I'd like every line in the following listing that holds "parallel" copied.

╭─ Records for this exercise

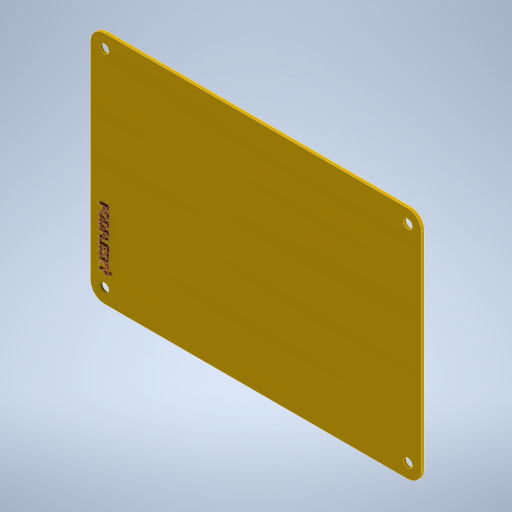
# Autodesk Inventor part: Deska spoje
Saved by Autodesk Inventor 2024 (Build 280153000, 153)
## iProperties
Created: 2025-09-30
Part Number: Deska spoje
Material: Všeobecné
Document SubType Name: Modeling
Designer: zak
Density: 1 g/cm^3
Appearance: Zlatá
Author: zak
Autodesk Inventor part; units mm, degrees
ref_plane "YZ Plane" through (0, 0, 0) normal (1, 0, 0) x (0, 1, 0)
ref_plane "XZ Plane" through (0, 0, 0) normal (0, 1, 0) x (-1, 0, 0)
ref_plane "XY Plane" through (0, 0, 0) normal (0, 0, 1) x (1, 0, 0)
sketch "Náčrt1" plane through (0, 0, 0) normal (0, 0, 1) x (1, 0, 0)
  line L0 (-84, 0) -> (84, 0) projected
  line L1 (0, -59.5) -> (0, 59.5) projected
  line L2 (-60, 42.5) -> (60, 42.5)
  line L3 (60, 42.5) -> (60, -42.5)
  line L4 (60, -42.5) -> (-60, -42.5)
  line L5 (-60, -42.5) -> (-60, 42.5)
  point P0 (0, 0)
  dimension "d0" = 120
  dimension "d1" = 85
  constraints: 8 end point, 2 parallel, 1 horizontal, 1 perpendicular, 2 other
  measures "d0" distance of L3.end L4.end
  measures "d1" distance of L2.end L3.end
extrude "Vysunutí1" add sketch "Náčrt1" along normal mid plane 1
fillet "Zaoblení1" radius 5 4 edges at (60, 42.5, 0) (-60, 42.5, 0) (60, -42.5, 0) (-60, -42.5, 0)
sketch "Náčrt2" plane through (0, 0, 0.5) normal (0, 0, 1) x (1, 0, 0)
  arc A0 (-55, 42.5) -> (-60, 37.5) centre (-55, 37.5) ccw projected
  arc A1 (60, 37.5) -> (55, 42.5) centre (55, 37.5) ccw projected
  arc A2 (55, -42.5) -> (60, -37.5) centre (55, -37.5) ccw projected
  arc A3 (-60, -37.5) -> (-55, -42.5) centre (-55, -37.5) ccw projected
  point P0 (0, 0)
  constraints: 4 coincident
hole "Díra1" at (-55, 37.5, 0.5) at (55, 37.5, 0.5) at (55, -37.5, 0.5) at (-55, -37.5, 0.5) direction (0, 0, -1) diameter 3.4 end through all clearance for "Šroub se zápustnou hlavou ISO 2009/7046" size "M3" standard "ISO"
sketch "Náčrt3" plane through (0, 0, 0.5) normal (0, 0, 1) x (1, 0, 0)
  line L0 (-52, -10.5) -> (-52, -32.5) construction
  line L1 (-52, -32.5) -> (-57, -32.5) construction
  line L2 (-57, -32.5) -> (-57, -10.5) construction
  line L3 (-57, -10.5) -> (-52, -10.5) construction
  line L4 (-60, 37.5) -> (-60, -37.5) projected
  circle A0 centre (-55, -37.5) radius 1.7 projected
  spline S0 degree 2 poles (-54.0649, -12.7354) (-54.2625, -12.7354) (-54.6182, -12.5946) (-54.7417, -12.4686) knots 0 0 0 1 2 2 2
  spline S1 degree 2 poles (-54.7417, -12.4686) (-54.8973, -12.3105) (-55.0579, -11.8832) (-55.0579, -11.5572) knots 0 0 0 1 2 2 2
  line L5 (-55.0579, -11.5572) -> (-55.0579, -11.2138)
  line L6 (-55.0579, -11.2138) -> (-56.1941, -11.2138)
  line L7 (-56.1941, -11.2138) -> (-56.1941, -10.8088)
  line L8 (-56.1941, -10.8088) -> (-53.1461, -10.8088)
  line L9 (-53.1461, -10.8088) -> (-53.1461, -11.5745)
  spline S2 degree 2 poles (-53.1461, -11.5745) (-53.1461, -11.8462) (-53.235, -12.2265) (-53.3363, -12.3723) knots 0 0 0 1 2 2 2
  spline S3 degree 2 poles (-53.3363, -12.3723) (-53.4524, -12.5427) (-53.8105, -12.7354) (-54.0649, -12.7354) knots 0 0 0 1 2 2 2
  spline S4 degree 2 poles (-54.0773, -12.313) (-53.9192, -12.313) (-53.687, -12.2043) (-53.6129, -12.0932) knots 0 0 0 1 2 2 2
  spline S5 degree 2 poles (-53.6129, -12.0932) (-53.5487, -11.9968) (-53.4968, -11.7399) (-53.4968, -11.5498) knots 0 0 0 1 2 2 2
  line L10 (-53.4968, -11.5498) -> (-53.4968, -11.2138)
  line L11 (-53.4968, -11.2138) -> (-54.7121, -11.2138)
  line L12 (-54.7121, -11.2138) -> (-54.7121, -11.4905)
  spline S6 degree 2 poles (-54.7121, -11.4905) (-54.7121, -11.7375) (-54.633, -12.0413) (-54.5293, -12.1401) knots 0 0 0 1 2 2 2
  spline S7 degree 2 poles (-54.5293, -12.1401) (-54.4379, -12.2315) (-54.223, -12.313) (-54.0773, -12.313) knots 0 0 0 1 2 2 2
  spline S8 degree 2 poles (-53.4944, -15.277) (-53.6969, -15.4499) (-54.2897, -15.6426) (-54.6701, -15.6426) knots 0 0 0 1 2 2 2
  spline S9 degree 2 poles (-54.6701, -15.6426) (-55.0406, -15.6426) (-55.6408, -15.4549) (-55.8433, -15.277) knots 0 0 0 1 2 2 2
  spline S10 degree 2 poles (-55.8433, -15.277) (-56.0558, -15.0893) (-56.2583, -14.5928) (-56.2583, -14.2939) knots 0 0 0 1 2 2 2
  spline S11 degree 2 poles (-56.2583, -14.2939) (-56.2583, -13.9852) (-56.0484, -13.4912) (-55.8433, -13.3109) knots 0 0 0 1 2 2 2
  spline S12 degree 2 poles (-55.8433, -13.3109) (-55.6408, -13.1355) (-55.0455, -12.9478) (-54.6701, -12.9478) knots 0 0 0 1 2 2 2
  spline S13 degree 2 poles (-54.6701, -12.9478) (-54.2872, -12.9478) (-53.7043, -13.138) (-53.4944, -13.3133) knots 0 0 0 1 2 2 2
  spline S14 degree 2 poles (-53.4944, -13.3133) (-53.2918, -13.4912) (-53.0819, -13.9877) (-53.0819, -14.2939) knots 0 0 0 1 2 2 2
  spline S15 degree 2 poles (-53.0819, -14.2939) (-53.0819, -14.6052) (-53.2992, -15.1041) (-53.4944, -15.277) knots 0 0 0 1 2 2 2
  spline S16 degree 2 poles (-54.6701, -15.2202) (-54.3687, -15.2202) (-53.9019, -15.0893) (-53.7488, -14.9707) knots 0 0 0 1 2 2 2
  spline S17 degree 2 poles (-53.7488, -14.9707) (-53.5907, -14.8497) (-53.4326, -14.5088) (-53.4326, -14.2964) knots 0 0 0 1 2 2 2
  spline S18 degree 2 poles (-53.4326, -14.2964) (-53.4326, -14.0766) (-53.5858, -13.7456) (-53.7488, -13.6196) knots 0 0 0 1 2 2 2
  spline S19 degree 2 poles (-53.7488, -13.6196) (-53.9044, -13.4986) (-54.3737, -13.3702) (-54.6701, -13.3702) knots 0 0 0 1 2 2 2
  spline S20 degree 2 poles (-54.6701, -13.3702) (-55.2703, -13.3702) (-55.9076, -13.874) (-55.9076, -14.2964) knots 0 0 0 1 2 2 2
  spline S21 degree 2 poles (-55.9076, -14.2964) (-55.9076, -14.7188) (-55.2703, -15.2202) (-54.6701, -15.2202) knots 0 0 0 1 2 2 2
  spline S22 degree 2 poles (-54.6726, -18.4905) (-55.09, -18.4905) (-55.7618, -18.1521) (-55.9496, -17.8681) knots 0 0 0 1 2 2 2
  spline S23 degree 2 poles (-55.9496, -17.8681) (-56.0953, -17.6359) (-56.1941, -17.1592) (-56.1941, -16.7887) knots 0 0 0 1 2 2 2
  line L13 (-56.1941, -16.7887) -> (-56.1941, -16.0872)
  line L14 (-56.1941, -16.0872) -> (-53.1461, -16.0872)
  line L15 (-53.1461, -16.0872) -> (-53.1461, -16.7813)
  spline S24 degree 2 poles (-53.1461, -16.7813) (-53.1461, -17.211) (-53.2745, -17.7001) (-53.3881, -17.873) knots 0 0 0 1 2 2 2
  spline S25 degree 2 poles (-53.3881, -17.873) (-53.5833, -18.1669) (-54.228, -18.4905) (-54.6726, -18.4905) knots 0 0 0 1 2 2 2
  spline S26 degree 2 poles (-54.6676, -18.0681) (-54.3169, -18.0681) (-53.8204, -17.8359) (-53.6796, -17.6062) knots 0 0 0 1 2 2 2
  spline S27 degree 2 poles (-53.6796, -17.6062) (-53.5833, -17.4432) (-53.4968, -17.0752) (-53.4968, -16.801) knots 0 0 0 1 2 2 2
  line L16 (-53.4968, -16.801) -> (-53.4968, -16.4923)
  line L17 (-53.4968, -16.4923) -> (-55.8433, -16.4923)
  line L18 (-55.8433, -16.4923) -> (-55.8433, -16.801)
  spline S28 degree 2 poles (-55.8433, -16.801) (-55.8433, -17.0702) (-55.7569, -17.4778) (-55.6408, -17.6433) knots 0 0 0 1 2 2 2
  spline S29 degree 2 poles (-55.6408, -17.6433) (-55.4975, -17.8557) (-55.0233, -18.0681) (-54.6676, -18.0681) knots 0 0 0 1 2 2 2
  spline S30 degree 2 poles (-54.0649, -20.8568) (-54.2625, -20.8568) (-54.6182, -20.716) (-54.7417, -20.59) knots 0 0 0 1 2 2 2
  spline S31 degree 2 poles (-54.7417, -20.59) (-54.8973, -20.4319) (-55.0579, -20.0046) (-55.0579, -19.6786) knots 0 0 0 1 2 2 2
  line L19 (-55.0579, -19.6786) -> (-55.0579, -19.3352)
  line L20 (-55.0579, -19.3352) -> (-56.1941, -19.3352)
  line L21 (-56.1941, -19.3352) -> (-56.1941, -18.9302)
  line L22 (-56.1941, -18.9302) -> (-53.1461, -18.9302)
  line L23 (-53.1461, -18.9302) -> (-53.1461, -19.6959)
  spline S32 degree 2 poles (-53.1461, -19.6959) (-53.1461, -19.9676) (-53.235, -20.348) (-53.3363, -20.4937) knots 0 0 0 1 2 2 2
  spline S33 degree 2 poles (-53.3363, -20.4937) (-53.4524, -20.6641) (-53.8105, -20.8568) (-54.0649, -20.8568) knots 0 0 0 1 2 2 2
  spline S34 degree 2 poles (-54.0773, -20.4344) (-53.9192, -20.4344) (-53.687, -20.3257) (-53.6129, -20.2146) knots 0 0 0 1 2 2 2
  spline S35 degree 2 poles (-53.6129, -20.2146) (-53.5487, -20.1182) (-53.4968, -19.8614) (-53.4968, -19.6712) knots 0 0 0 1 2 2 2
  line L24 (-53.4968, -19.6712) -> (-53.4968, -19.3352)
  line L25 (-53.4968, -19.3352) -> (-54.7121, -19.3352)
  line L26 (-54.7121, -19.3352) -> (-54.7121, -19.6119)
  spline S36 degree 2 poles (-54.7121, -19.6119) (-54.7121, -19.8589) (-54.633, -20.1627) (-54.5293, -20.2615) knots 0 0 0 1 2 2 2
  spline S37 degree 2 poles (-54.5293, -20.2615) (-54.4379, -20.3529) (-54.223, -20.4344) (-54.0773, -20.4344) knots 0 0 0 1 2 2 2
  line L27 (-56.1941, -23.0082) -> (-56.1941, -21.2421)
  line L28 (-56.1941, -21.2421) -> (-53.1461, -21.2421)
  line L29 (-53.1461, -21.2421) -> (-53.1461, -21.6472)
  line L30 (-53.1461, -21.6472) -> (-55.8335, -21.6472)
  line L31 (-55.8335, -21.6472) -> (-55.8335, -23.0082)
  line L32 (-55.8335, -23.0082) -> (-56.1941, -23.0082)
  line L33 (-56.1941, -23.3268) -> (-53.1461, -23.3268)
  line L34 (-53.1461, -23.3268) -> (-53.1461, -25.2336)
  line L35 (-53.1461, -25.2336) -> (-53.5067, -25.2336)
  line L36 (-53.5067, -25.2336) -> (-53.5067, -23.7319)
  line L37 (-53.5067, -23.7319) -> (-54.3416, -23.7319)
  line L38 (-54.3416, -23.7319) -> (-54.3416, -25.1324)
  line L39 (-54.3416, -25.1324) -> (-54.7022, -25.1324)
  line L40 (-54.7022, -25.1324) -> (-54.7022, -23.7319)
  line L41 (-54.7022, -23.7319) -> (-55.8335, -23.7319)
  line L42 (-55.8335, -23.7319) -> (-55.8335, -25.2336)
  line L43 (-55.8335, -25.2336) -> (-56.1941, -25.2336)
  line L44 (-56.1941, -25.2336) -> (-56.1941, -23.3268)
  spline S38 degree 2 poles (-56.2484, -26.5279) (-56.2484, -26.197) (-56.1101, -25.7326) (-56.0113, -25.5276) knots 0 0 0 1 2 2 2
  line L45 (-56.0113, -25.5276) -> (-55.5025, -25.5276)
  line L46 (-55.5025, -25.5276) -> (-55.5025, -25.5572)
  spline S39 degree 2 poles (-55.5025, -25.5572) (-55.6902, -25.7573) (-55.8977, -26.2636) (-55.8977, -26.4983) knots 0 0 0 1 2 2 2
  spline S40 degree 2 poles (-55.8977, -26.4983) (-55.8977, -26.8342) (-55.6186, -27.1775) (-55.3889, -27.1775) knots 0 0 0 1 2 2 2
  spline S41 degree 2 poles (-55.3889, -27.1775) (-55.2061, -27.1775) (-54.9788, -26.9972) (-54.922, -26.8021) knots 0 0 0 1 2 2 2
  spline S42 degree 2 poles (-54.922, -26.8021) (-54.8825, -26.6613) (-54.8282, -26.4267) (-54.7837, -26.2513) knots 0 0 0 1 2 2 2
  spline S43 degree 2 poles (-54.7837, -26.2513) (-54.7417, -26.0932) (-54.6157, -25.8437) (-54.5145, -25.7474) knots 0 0 0 1 2 2 2
  spline S44 degree 2 poles (-54.5145, -25.7474) (-54.4132, -25.6535) (-54.1415, -25.5498) (-53.9637, -25.5498) knots 0 0 0 1 2 2 2
  spline S45 degree 2 poles (-53.9637, -25.5498) (-53.5932, -25.5498) (-53.0917, -26.1278) (-53.0917, -26.5749) knots 0 0 0 1 2 2 2
  spline S46 degree 2 poles (-53.0917, -26.5749) (-53.0917, -26.8317) (-53.193, -27.2862) (-53.2893, -27.4814) knots 0 0 0 1 2 2 2
  line L47 (-53.2893, -27.4814) -> (-53.7735, -27.4814)
  line L48 (-53.7735, -27.4814) -> (-53.7735, -27.4517)
  spline S47 degree 2 poles (-53.7735, -27.4517) (-53.6401, -27.306) (-53.4425, -26.8515) (-53.4425, -26.602) knots 0 0 0 1 2 2 2
  spline S48 degree 2 poles (-53.4425, -26.602) (-53.4425, -26.3205) (-53.7068, -25.9722) (-53.9217, -25.9722) knots 0 0 0 1 2 2 2
  spline S49 degree 2 poles (-53.9217, -25.9722) (-54.1143, -25.9722) (-54.344, -26.1772) (-54.3959, -26.3699) knots 0 0 0 1 2 2 2
  spline S50 degree 2 poles (-54.3959, -26.3699) (-54.4305, -26.4983) (-54.5194, -26.8713) (-54.5565, -26.9948) knots 0 0 0 1 2 2 2
  spline S51 degree 2 poles (-54.5565, -26.9948) (-54.6528, -27.3085) (-55.0406, -27.5999) (-55.3246, -27.5999) knots 0 0 0 1 2 2 2
  spline S52 degree 2 poles (-55.3246, -27.5999) (-55.505, -27.5999) (-55.8508, -27.4542) (-55.9718, -27.3233) knots 0 0 0 1 2 2 2
  spline S53 degree 2 poles (-55.9718, -27.3233) (-56.1052, -27.1775) (-56.2484, -26.807) (-56.2484, -26.5279) knots 0 0 0 1 2 2 2
  line L49 (-56.1941, -30.2354) -> (-56.1941, -29.7093)
  line L50 (-56.1941, -29.7093) -> (-54.7763, -28.5953)
  line L51 (-54.7763, -28.5953) -> (-54.9764, -28.4175)
  line L52 (-54.9764, -28.4175) -> (-56.1941, -28.4175)
  line L53 (-56.1941, -28.4175) -> (-56.1941, -28.0124)
  line L54 (-56.1941, -28.0124) -> (-53.1461, -28.0124)
  line L55 (-53.1461, -28.0124) -> (-53.1461, -28.4175)
  line L56 (-53.1461, -28.4175) -> (-54.5466, -28.4175)
  line L57 (-54.5466, -28.4175) -> (-53.1461, -29.6673)
  line L58 (-53.1461, -29.6673) -> (-53.1461, -30.1613)
  line L59 (-53.1461, -30.1613) -> (-54.5071, -28.8992)
  line L60 (-54.5071, -28.8992) -> (-56.1941, -30.2354)
  line L61 (-53.1461, -32.6116) -> (-54.8455, -31.5816)
  line L62 (-54.8455, -31.5816) -> (-56.1941, -31.5816)
  line L63 (-56.1941, -31.5816) -> (-56.1941, -31.1765)
  line L64 (-56.1941, -31.1765) -> (-54.8874, -31.1765)
  line L65 (-54.8874, -31.1765) -> (-53.1461, -30.1465)
  line L66 (-53.1461, -30.1465) -> (-53.1461, -30.5961)
  line L67 (-53.1461, -30.5961) -> (-54.4873, -31.3815)
  line L68 (-54.4873, -31.3815) -> (-53.1461, -32.1818)
  line L69 (-53.1461, -32.1818) -> (-53.1461, -32.6116)
  line L70 (-52, -31.9916) -> (-52.7657, -31.4334)
  line L71 (-52.7657, -31.4334) -> (-52.7657, -31.1271)
  line L72 (-52.7657, -31.1271) -> (-52, -31.4927)
  line L73 (-52, -31.4927) -> (-52, -31.9916)
  point P0 (0, 0)
  point P1 (-54.5, -32.5)
  dimension "d14" = 3
  dimension "d15" = 5
  dimension "d16" = 5
  dimension "d17" = 22
  constraints: 1 midpoint, 2 other
  measures "d14" distance between parallel lines of L4 L2
  measures "d15" vertical distance of A0.centre point (-54.5, -32.5)
  measures "d16" distance between parallel lines of L2 L0
  measures "d17" distance between parallel lines of L1 L3
emboss "Reliéf1" sketch "Náčrt3" operation add depth 1 direction (0, 0, -1) contours S0 S1 L5 L6 L7 L8 L9 S2 S3 | S8 S9 S10 S11 S12 S13 S14 S15 | S22 S23 L13 L14 L15 S24 S25 | S30 S31 L19 L20 L21 L22 L23 S32 S33 | L27 L28 L29 L30 L31 L32 | L33 L34 L35 L36 L37 L38 L39 L40 L41 L42 L43 L44 | S38 L45 L46 S39 S40 S41 S42 S43 S44 S45 S46 L47 L48 S47 S48 S49 S50 S51 S52 S53 | L49 L50 L51 L52 L53 L54 L55 L56 L57 L58 L65 L59 L60 | L65 L58 L59 | L59 L66 L67 L68 L69 L61 L62 L63 L64 L65 | L70 L71 L72 L73

╰─

◆ Answer to the exercise:
  constraints: 8 end point, 2 parallel, 1 horizontal, 1 perpendicular, 2 other
  measures "d14" distance between parallel lines of L4 L2
  measures "d16" distance between parallel lines of L2 L0
  measures "d17" distance between parallel lines of L1 L3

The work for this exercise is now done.